* What the task requires *
Exactly the lines starting at the line containing "1039.78), (-1760.63, 1039.78)])" and ending at the line containing "1729.78), (-1200.63, 1669.78)])" are to be written out from the listing below, both included.

[Input data — start]

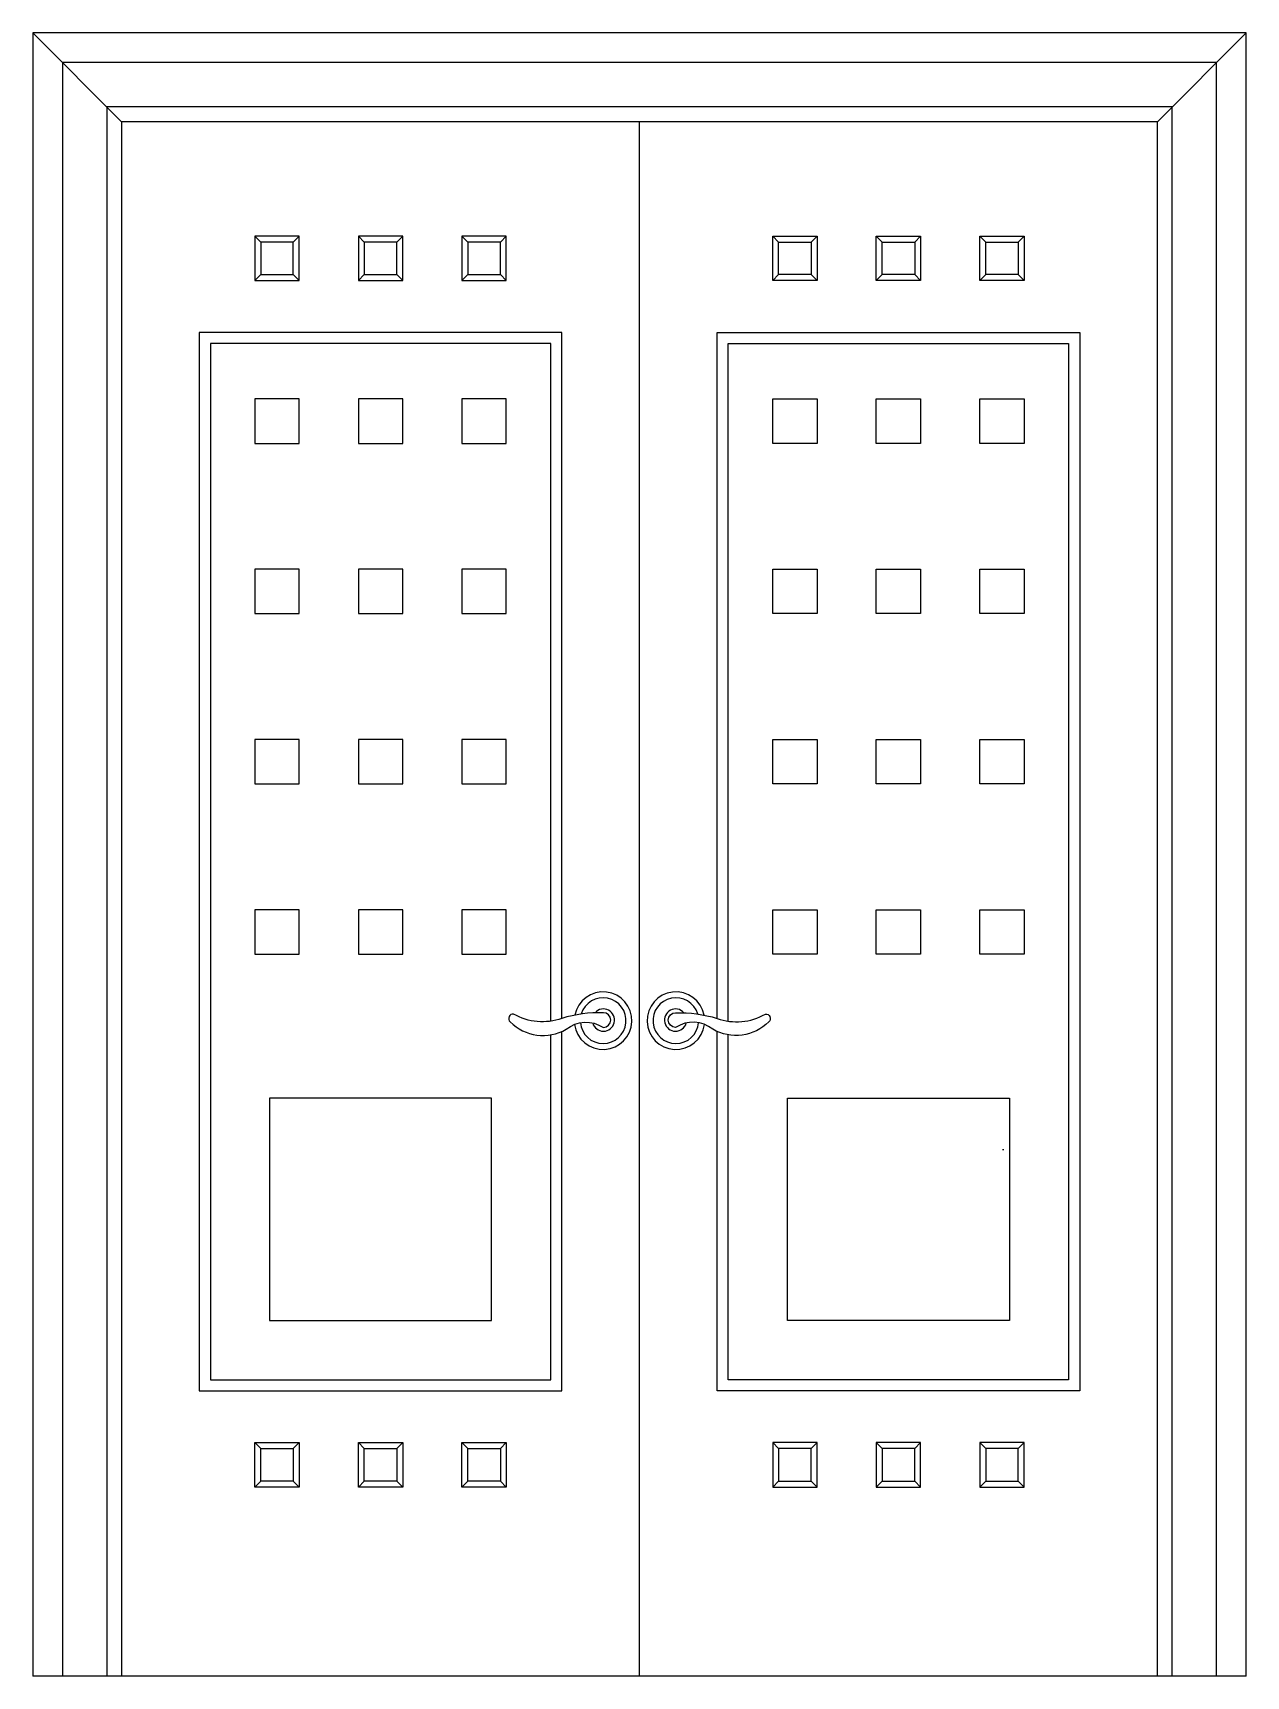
# Model space of a CAD drawing. Header units: metres. Extents: x -2341 to -701, y 4 to 2224.
import ezdxf

# ---------------------------------------------------------------- set-up
doc = ezdxf.new("R2010")
doc.units = ezdxf.units.M
for name, color, linetype in [('2', 2, 'Continuous'), ('3', 3, 'Continuous'), ('4', 4, 'Continuous'), ('7', 7, 'Continuous'), ('BH', 3, 'Continuous')]:
    doc.layers.add(name, color=color, linetype=linetype)

msp = doc.modelspace()

# ---------------------------------------------------------------- hatches: boundary and pattern name
at = {"layer": '3'}
h = msp.add_hatch(dxfattribs=at)
h.set_pattern_fill('AR-RROOF', scale=550)
h.paths.add_polyline_path([(-1640.63, 1804.78), (-2100.63, 1804.78), (-2100.63, 404.78), (-1640.63, 404.78), (-1640.63, 870.65, -0.25), (-1695.4, 888.38, -0.75), (-1690.72, 898.72, 0.17), (-1640.63, 889.21)])
h.paths.add_polyline_path([(-1840.63, 1269.78), (-1840.63, 1209.78), (-1900.63, 1209.78), (-1900.63, 1269.78)])
h.paths.add_polyline_path([(-1760.63, 1269.78), (-1700.63, 1269.78), (-1700.63, 1209.78), (-1760.63, 1209.78)])
h.paths.add_polyline_path([(-1840.63, 1439.78), (-1900.63, 1439.78), (-1900.63, 1499.78), (-1840.63, 1499.78)])
h.paths.add_polyline_path([(-1760.63, 1439.78), (-1760.63, 1499.78), (-1700.63, 1499.78), (-1700.63, 1439.78)])
h.paths.add_polyline_path([(-1980.63, 1269.78), (-1980.63, 1209.78), (-2040.63, 1209.78), (-2040.63, 1269.78)])
h.paths.add_polyline_path([(-1980.63, 1439.78), (-2040.63, 1439.78), (-2040.63, 1499.78), (-1980.63, 1499.78)])
h.paths.add_polyline_path([(-1840.63, 1039.78), (-1840.63, 979.78), (-1900.63, 979.78), (-1900.63, 1039.78)])
h.paths.add_polyline_path([(-1760.63, 1039.78), (-1700.63, 1039.78), (-1700.63, 979.78), (-1760.63, 979.78)])
h.paths.add_polyline_path([(-1840.63, 1669.78), (-1900.63, 1669.78), (-1900.63, 1729.78), (-1840.63, 1729.78)])
h.paths.add_polyline_path([(-1760.63, 1669.78), (-1760.63, 1729.78), (-1700.63, 1729.78), (-1700.63, 1669.78)])
h.paths.add_polyline_path([(-1980.63, 1039.78), (-1980.63, 979.78), (-2040.63, 979.78), (-2040.63, 1039.78)])
h.paths.add_polyline_path([(-1980.63, 1669.78), (-2040.63, 1669.78), (-2040.63, 1729.78), (-1980.63, 1729.78)])
h.paths.add_polyline_path([(-1720.63, 785.02), (-1720.63, 485.02), (-2020.63, 485.02), (-2020.63, 785.02)])
h = msp.add_hatch(dxfattribs=at)
h.set_pattern_fill('AR-RROOF', scale=400)
h.paths.add_polyline_path([(-940.63, 1804.78), (-1400.63, 1804.78), (-1400.63, 889.21, 0.17), (-1350.54, 898.72, -0.75), (-1345.87, 888.38, -0.25), (-1400.63, 870.65), (-1400.63, 404.78), (-940.63, 404.78)])
h.paths.add_polyline_path([(-1140.63, 1209.78), (-1200.63, 1209.78), (-1200.63, 1269.78), (-1140.63, 1269.78)])
h.paths.add_polyline_path([(-1060.63, 1209.78), (-1060.63, 1269.78), (-1000.63, 1269.78), (-1000.63, 1209.78)])
h.paths.add_polyline_path([(-1140.63, 1039.78), (-1140.63, 979.78), (-1200.63, 979.78), (-1200.63, 1039.78)])
h.paths.add_polyline_path([(-1060.63, 1039.78), (-1000.63, 1039.78), (-1000.63, 979.78), (-1060.63, 979.78)])
h.paths.add_polyline_path([(-1280.63, 1209.78), (-1340.63, 1209.78), (-1340.63, 1269.78), (-1280.63, 1269.78)])
h.paths.add_polyline_path([(-1280.63, 1039.78), (-1280.63, 979.78), (-1340.63, 979.78), (-1340.63, 1039.78)])
h.paths.add_polyline_path([(-1140.63, 1439.78), (-1200.63, 1439.78), (-1200.63, 1499.78), (-1140.63, 1499.78)])
h.paths.add_polyline_path([(-1060.63, 1439.78), (-1060.63, 1499.78), (-1000.63, 1499.78), (-1000.63, 1439.78)])
h.paths.add_polyline_path([(-1280.63, 1439.78), (-1340.63, 1439.78), (-1340.63, 1499.78), (-1280.63, 1499.78)])
h.paths.add_polyline_path([(-1020.63, 785.02), (-1020.63, 485.02), (-1320.63, 485.02), (-1320.63, 785.02)])
h.paths.add_polyline_path([(-1140.63, 1669.78), (-1200.63, 1669.78), (-1200.63, 1729.78), (-1140.63, 1729.78)])
h.paths.add_polyline_path([(-1060.63, 1669.78), (-1060.63, 1729.78), (-1000.63, 1729.78), (-1000.63, 1669.78)])
h.paths.add_polyline_path([(-1280.63, 1669.78), (-1340.63, 1669.78), (-1340.63, 1729.78), (-1280.63, 1729.78)])
h = msp.add_hatch(dxfattribs=at)
h.set_pattern_fill('AR-SAND', scale=15)
h.paths.add_polyline_path([(-1700.63, 1729.78), (-1760.63, 1729.78), (-1760.63, 1669.78), (-1700.63, 1669.78)])
h.paths.add_polyline_path([(-1840.63, 1729.78), (-1900.63, 1729.78), (-1900.63, 1669.78), (-1840.63, 1669.78)])
h.paths.add_polyline_path([(-2040.63, 1729.78), (-2040.63, 1669.78), (-1980.63, 1669.78), (-1980.63, 1729.78)])
h.paths.add_polyline_path([(-1980.63, 1499.78), (-2040.63, 1499.78), (-2040.63, 1439.78), (-1980.63, 1439.78)])
h.paths.add_polyline_path([(-1840.63, 1499.78), (-1900.63, 1499.78), (-1900.63, 1439.78), (-1840.63, 1439.78)])
h.paths.add_polyline_path([(-1700.63, 1499.78), (-1760.63, 1499.78), (-1760.63, 1439.78), (-1700.63, 1439.78)])
h.paths.add_polyline_path([(-1760.63, 1209.78), (-1700.63, 1209.78), (-1700.63, 1269.78), (-1760.63, 1269.78)])
h.paths.add_polyline_path([(-1760.63, 979.78), (-1700.63, 979.78), (-1700.63, 1039.78), (-1760.63, 1039.78)])
h.paths.add_polyline_path([(-1840.63, 1039.78), (-1900.63, 1039.78), (-1900.63, 979.78), (-1840.63, 979.78)])
h.paths.add_polyline_path([(-1840.63, 1209.78), (-1840.63, 1269.78), (-1900.63, 1269.78), (-1900.63, 1209.78)])
h.paths.add_polyline_path([(-2040.63, 1269.78), (-2040.63, 1209.78), (-1980.63, 1209.78), (-1980.63, 1269.78)])
h.paths.add_polyline_path([(-1980.63, 979.78), (-1980.63, 1039.78), (-2040.63, 1039.78), (-2040.63, 979.78)])
at = {"layer": 'BH'}
h = msp.add_hatch(dxfattribs=at)
h.set_pattern_fill('AR-RROOF', scale=400)
h.paths.add_polyline_path([(-1000.63, 1729.78), (-1060.63, 1729.78), (-1060.63, 1669.78), (-1000.63, 1669.78)])
h.paths.add_polyline_path([(-1140.63, 1669.78), (-1140.63, 1729.78), (-1200.63, 1729.78), (-1200.63, 1669.78)])
h.paths.add_polyline_path([(-1280.63, 1669.78), (-1280.63, 1729.78), (-1340.63, 1729.78), (-1340.63, 1669.78)])
h.paths.add_polyline_path([(-1340.63, 1499.78), (-1340.63, 1439.78), (-1280.63, 1439.78), (-1280.63, 1499.78)])
h.paths.add_polyline_path([(-1140.63, 1499.78), (-1200.63, 1499.78), (-1200.63, 1439.78), (-1140.63, 1439.78)])
h.paths.add_polyline_path([(-1000.63, 1499.78), (-1060.63, 1499.78), (-1060.63, 1439.78), (-1000.63, 1439.78)])
h.paths.add_polyline_path([(-1000.63, 1269.78), (-1060.63, 1269.78), (-1060.63, 1209.78), (-1000.63, 1209.78)])
h.paths.add_polyline_path([(-1140.63, 1269.78), (-1200.63, 1269.78), (-1200.63, 1209.78), (-1140.63, 1209.78)])
h.paths.add_polyline_path([(-1280.63, 1269.78), (-1340.63, 1269.78), (-1340.63, 1209.78), (-1280.63, 1209.78)])
h.paths.add_polyline_path([(-1340.63, 1039.78), (-1340.63, 979.78), (-1280.63, 979.78), (-1280.63, 1039.78)])
h.paths.add_polyline_path([(-1140.63, 1039.78), (-1200.63, 1039.78), (-1200.63, 979.78), (-1140.63, 979.78)])
h.paths.add_polyline_path([(-1000.63, 1039.78), (-1060.63, 1039.78), (-1060.63, 979.78), (-1000.63, 979.78)])
h = msp.add_hatch(dxfattribs=at)
h.set_pattern_fill('AR-SAND', scale=30)
h.paths.add_polyline_path([(-2020.63, 785.02), (-2020.63, 485.02), (-1720.63, 485.02), (-1720.63, 785.02)])
h = msp.add_hatch(dxfattribs=at)
h.set_pattern_fill('AR-SAND', scale=30)
h.paths.add_polyline_path([(-1020.63, 485.02), (-1020.63, 785.02), (-1320.63, 785.02), (-1320.63, 485.02)])

# ---------------------------------------------------------------- linework, layer by layer
at = {"layer": '2'}
msp.add_line((-700.63, 4.37), (-2340.63, 4.37), dxfattribs=at)
at = {"layer": '3'}
for p, q in [((-2220.63, 2104.37), (-2340.63, 2224.37)), ((-820.63, 2104.37), (-700.63, 2224.37)), ((-2032.63, 1941.78), (-2040.63, 1949.78)), ((-1988.63, 1941.78), (-1980.63, 1949.78)), ((-1892.63, 1941.78), (-1900.63, 1949.78)), ((-1848.63, 1941.78), (-1840.63, 1949.78)), ((-1752.63, 1941.78), (-1760.63, 1949.78)), ((-1708.63, 1941.78), (-1700.63, 1949.78)), ((-1332.63, 1941.78), (-1340.63, 1949.78)), ((-1288.63, 1941.78), (-1280.63, 1949.78)), ((-1192.63, 1941.78), (-1200.63, 1949.78)), ((-1148.63, 1941.78), (-1140.63, 1949.78)), ((-1052.63, 1941.78), (-1060.63, 1949.78)), ((-1008.63, 1941.78), (-1000.63, 1949.78)), ((-2032.63, 1897.78), (-2040.63, 1889.78)), ((-1988.63, 1897.78), (-1980.63, 1889.78)), ((-1892.63, 1897.78), (-1900.63, 1889.78)), ((-1848.63, 1897.78), (-1840.63, 1889.78)), ((-1752.63, 1897.78), (-1760.63, 1889.78)), ((-1708.63, 1897.78), (-1700.63, 1889.78)), ((-1332.63, 1897.78), (-1340.63, 1889.78)), ((-1288.63, 1897.78), (-1280.63, 1889.78)), ((-1192.63, 1897.78), (-1200.63, 1889.78)), ((-1148.63, 1897.78), (-1140.63, 1889.78)), ((-1052.63, 1897.78), (-1060.63, 1889.78)), ((-1008.63, 1897.78), (-1000.63, 1889.78)), ((-2032.63, 311.78), (-2040.63, 319.78)), ((-1988.63, 311.78), (-1980.63, 319.78)), ((-1892.63, 311.78), (-1900.63, 319.78)), ((-1848.63, 311.78), (-1840.63, 319.78)), ((-1752.63, 311.78), (-1760.63, 319.78)), ((-1708.63, 311.78), (-1700.63, 319.78)), ((-1332.63, 311.78), (-1340.63, 319.78)), ((-1288.63, 311.78), (-1280.63, 319.78)), ((-1192.63, 311.78), (-1200.63, 319.78)), ((-1148.63, 311.78), (-1140.63, 319.78)), ((-1052.63, 311.78), (-1060.63, 319.78)), ((-1008.63, 311.78), (-1000.63, 319.78)), ((-2032.63, 267.78), (-2040.63, 259.78)), ((-1988.63, 267.78), (-1980.63, 259.78)), ((-1892.63, 267.78), (-1900.63, 259.78)), ((-1848.63, 267.78), (-1840.63, 259.78)), ((-1752.63, 267.78), (-1760.63, 259.78)), ((-1708.63, 267.78), (-1700.63, 259.78)), ((-1332.63, 267.78), (-1340.63, 259.78)), ((-1288.63, 267.78), (-1280.63, 259.78)), ((-1192.63, 267.78), (-1200.63, 259.78)), ((-1148.63, 267.78), (-1140.63, 259.78)), ((-1052.63, 267.78), (-1060.63, 259.78)), ((-1008.63, 267.78), (-1000.63, 259.78))]:
    msp.add_line(p, q, dxfattribs=at)
for points in [[(-740.63, 4.37), (-740.63, 2184.37), (-2300.63, 2184.37), (-2300.63, 4.37)], [(-800.63, 4.37), (-800.63, 2124.37), (-2240.63, 2124.37), (-2240.63, 4.37)], [(-1640.63, 889.21), (-1640.63, 1804.78), (-2100.63, 1804.78), (-2100.63, 404.78), (-1640.63, 404.78), (-1640.63, 870.65)], [(-1400.63, 889.21), (-1400.63, 1804.78), (-940.63, 1804.78), (-940.63, 404.78), (-1400.63, 404.78), (-1400.63, 870.65)]]:
    msp.add_lwpolyline(points, dxfattribs=at)
for points in [[(-2032.63, 1897.78), (-1988.63, 1897.78), (-1988.63, 1941.78), (-2032.63, 1941.78)], [(-1892.63, 1897.78), (-1848.63, 1897.78), (-1848.63, 1941.78), (-1892.63, 1941.78)], [(-1752.63, 1897.78), (-1708.63, 1897.78), (-1708.63, 1941.78), (-1752.63, 1941.78)], [(-1288.63, 1897.78), (-1332.63, 1897.78), (-1332.63, 1941.78), (-1288.63, 1941.78)], [(-1148.63, 1897.78), (-1192.63, 1897.78), (-1192.63, 1941.78), (-1148.63, 1941.78)], [(-1008.63, 1897.78), (-1052.63, 1897.78), (-1052.63, 1941.78), (-1008.63, 1941.78)], [(-2040.63, 1669.78), (-1980.63, 1669.78), (-1980.63, 1729.78), (-2040.63, 1729.78)], [(-1900.63, 1669.78), (-1840.63, 1669.78), (-1840.63, 1729.78), (-1900.63, 1729.78)], [(-1760.63, 1669.78), (-1700.63, 1669.78), (-1700.63, 1729.78), (-1760.63, 1729.78)], [(-1280.63, 1669.78), (-1340.63, 1669.78), (-1340.63, 1729.78), (-1280.63, 1729.78)], [(-1140.63, 1669.78), (-1200.63, 1669.78), (-1200.63, 1729.78), (-1140.63, 1729.78)], [(-1000.63, 1669.78), (-1060.63, 1669.78), (-1060.63, 1729.78), (-1000.63, 1729.78)], [(-2040.63, 1439.78), (-1980.63, 1439.78), (-1980.63, 1499.78), (-2040.63, 1499.78)], [(-1900.63, 1439.78), (-1840.63, 1439.78), (-1840.63, 1499.78), (-1900.63, 1499.78)], [(-1760.63, 1439.78), (-1700.63, 1439.78), (-1700.63, 1499.78), (-1760.63, 1499.78)], [(-1280.63, 1439.78), (-1340.63, 1439.78), (-1340.63, 1499.78), (-1280.63, 1499.78)], [(-1140.63, 1439.78), (-1200.63, 1439.78), (-1200.63, 1499.78), (-1140.63, 1499.78)], [(-1000.63, 1439.78), (-1060.63, 1439.78), (-1060.63, 1499.78), (-1000.63, 1499.78)], [(-2040.63, 1209.78), (-1980.63, 1209.78), (-1980.63, 1269.78), (-2040.63, 1269.78)], [(-1900.63, 1209.78), (-1840.63, 1209.78), (-1840.63, 1269.78), (-1900.63, 1269.78)], [(-1760.63, 1209.78), (-1700.63, 1209.78), (-1700.63, 1269.78), (-1760.63, 1269.78)], [(-1280.63, 1209.78), (-1340.63, 1209.78), (-1340.63, 1269.78), (-1280.63, 1269.78)], [(-1140.63, 1209.78), (-1200.63, 1209.78), (-1200.63, 1269.78), (-1140.63, 1269.78)], [(-1000.63, 1209.78), (-1060.63, 1209.78), (-1060.63, 1269.78), (-1000.63, 1269.78)], [(-2040.63, 979.78), (-1980.63, 979.78), (-1980.63, 1039.78), (-2040.63, 1039.78)], [(-1900.63, 979.78), (-1840.63, 979.78), (-1840.63, 1039.78), (-1900.63, 1039.78)], [(-1760.63, 979.78), (-1700.63, 979.78), (-1700.63, 1039.78), (-1760.63, 1039.78)], [(-1280.63, 979.78), (-1340.63, 979.78), (-1340.63, 1039.78), (-1280.63, 1039.78)], [(-1140.63, 979.78), (-1200.63, 979.78), (-1200.63, 1039.78), (-1140.63, 1039.78)], [(-1000.63, 979.78), (-1060.63, 979.78), (-1060.63, 1039.78), (-1000.63, 1039.78)], [(-2020.63, 485.02), (-1720.63, 485.02), (-1720.63, 785.02), (-2020.63, 785.02)], [(-1020.63, 485.02), (-1320.63, 485.02), (-1320.63, 785.02), (-1020.63, 785.02)], [(-2032.63, 311.78), (-1988.63, 311.78), (-1988.63, 267.78), (-2032.63, 267.78)], [(-1892.63, 311.78), (-1848.63, 311.78), (-1848.63, 267.78), (-1892.63, 267.78)], [(-1752.63, 311.78), (-1708.63, 311.78), (-1708.63, 267.78), (-1752.63, 267.78)], [(-1288.63, 311.78), (-1332.63, 311.78), (-1332.63, 267.78), (-1288.63, 267.78)], [(-1148.63, 311.78), (-1192.63, 311.78), (-1192.63, 267.78), (-1148.63, 267.78)], [(-1008.63, 311.78), (-1052.63, 311.78), (-1052.63, 267.78), (-1008.63, 267.78)]]:
    msp.add_lwpolyline(points, close=True, dxfattribs=at)
for points in [[(-1619.77, 878.2, -0.33), (-1569.43, 880.66, 1), (-1569.43, 900.66, 0.08), (-1625.62, 892.92, -0.22), (-1690.72, 898.72, 0.75), (-1695.4, 888.38, 0.34)], [(-1421.49, 878.2, 0.33), (-1471.84, 880.66, -1), (-1471.84, 900.66, -0.08), (-1415.65, 892.92, 0.22), (-1350.54, 898.72, -0.75), (-1345.87, 888.38, -0.34)]]:
    msp.add_lwpolyline(points, format="xyb", close=True, dxfattribs=at)
for centre, radius, start, end in [((-1569.79, 889.94), 30.91, 185.28, 163.08), ((-1471.48, 889.94), 30.91, 16.92, 354.72), ((-1569.43, 890.66), 15, 194.86, 138.31), ((-1471.84, 890.66), 15, 41.69, 345.14)]:
    msp.add_arc(centre, radius, start, end, dxfattribs=at)
at = {"layer": '4'}
for points in [[(-700.63, 4.37), (-700.63, 2224.37), (-2340.63, 2224.37), (-2340.63, 4.37)], [(-820.63, 4.37), (-820.63, 2104.37), (-2220.63, 2104.37), (-2220.63, 4.37)]]:
    msp.add_lwpolyline(points, dxfattribs=at)
at = {"layer": '7'}
for p, q in [((-1520.63, 4.37), (-1520.63, 2104.37)), ((-2115.63, 1819.78), (-2115.63, 389.78)), ((-1625.63, 1819.78), (-2115.63, 1819.78)), ((-1625.63, 892.91), (-1625.63, 1819.78)), ((-1415.63, 892.91), (-1415.63, 1819.78)), ((-1415.63, 1819.78), (-925.63, 1819.78)), ((-925.63, 1819.78), (-925.63, 389.78)), ((-1625.63, 389.78), (-1625.63, 875.2)), ((-1415.63, 389.78), (-1415.63, 875.2)), ((-2115.63, 389.78), (-1625.63, 389.78)), ((-925.63, 389.78), (-1415.63, 389.78))]:
    msp.add_line(p, q, dxfattribs=at)
for points in [[(-2040.63, 1889.78), (-1980.63, 1889.78), (-1980.63, 1949.78), (-2040.63, 1949.78)], [(-1900.63, 1889.78), (-1840.63, 1889.78), (-1840.63, 1949.78), (-1900.63, 1949.78)], [(-1760.63, 1889.78), (-1700.63, 1889.78), (-1700.63, 1949.78), (-1760.63, 1949.78)], [(-1280.63, 1889.78), (-1340.63, 1889.78), (-1340.63, 1949.78), (-1280.63, 1949.78)], [(-1140.63, 1889.78), (-1200.63, 1889.78), (-1200.63, 1949.78), (-1140.63, 1949.78)], [(-1000.63, 1889.78), (-1060.63, 1889.78), (-1060.63, 1949.78), (-1000.63, 1949.78)], [(-2040.63, 319.78), (-1980.63, 319.78), (-1980.63, 259.78), (-2040.63, 259.78)], [(-1900.63, 319.78), (-1840.63, 319.78), (-1840.63, 259.78), (-1900.63, 259.78)], [(-1760.63, 319.78), (-1700.63, 319.78), (-1700.63, 259.78), (-1760.63, 259.78)], [(-1280.63, 319.78), (-1340.63, 319.78), (-1340.63, 259.78), (-1280.63, 259.78)], [(-1140.63, 319.78), (-1200.63, 319.78), (-1200.63, 259.78), (-1140.63, 259.78)], [(-1000.63, 319.78), (-1060.63, 319.78), (-1060.63, 259.78), (-1000.63, 259.78)]]:
    msp.add_lwpolyline(points, close=True, dxfattribs=at)
for centre, start, end in [((-1569.79, 889.94), 187.48, 168.88), ((-1471.48, 889.94), 11.12, 352.52)]:
    msp.add_arc(centre, 38.91, start, end, dxfattribs=at)

doc.saveas('drawing.dxf')

[Input data — finish]

* Your response *
h.paths.add_polyline_path([(-1760.63, 979.78), (-1700.63, 979.78), (-1700.63, 1039.78), (-1760.63, 1039.78)])
h.paths.add_polyline_path([(-1840.63, 1039.78), (-1900.63, 1039.78), (-1900.63, 979.78), (-1840.63, 979.78)])
h.paths.add_polyline_path([(-1840.63, 1209.78), (-1840.63, 1269.78), (-1900.63, 1269.78), (-1900.63, 1209.78)])
h.paths.add_polyline_path([(-2040.63, 1269.78), (-2040.63, 1209.78), (-1980.63, 1209.78), (-1980.63, 1269.78)])
h.paths.add_polyline_path([(-1980.63, 979.78), (-1980.63, 1039.78), (-2040.63, 1039.78), (-2040.63, 979.78)])
at = {"layer": 'BH'}
h = msp.add_hatch(dxfattribs=at)
h.set_pattern_fill('AR-RROOF', scale=400)
h.paths.add_polyline_path([(-1000.63, 1729.78), (-1060.63, 1729.78), (-1060.63, 1669.78), (-1000.63, 1669.78)])
h.paths.add_polyline_path([(-1140.63, 1669.78), (-1140.63, 1729.78), (-1200.63, 1729.78), (-1200.63, 1669.78)])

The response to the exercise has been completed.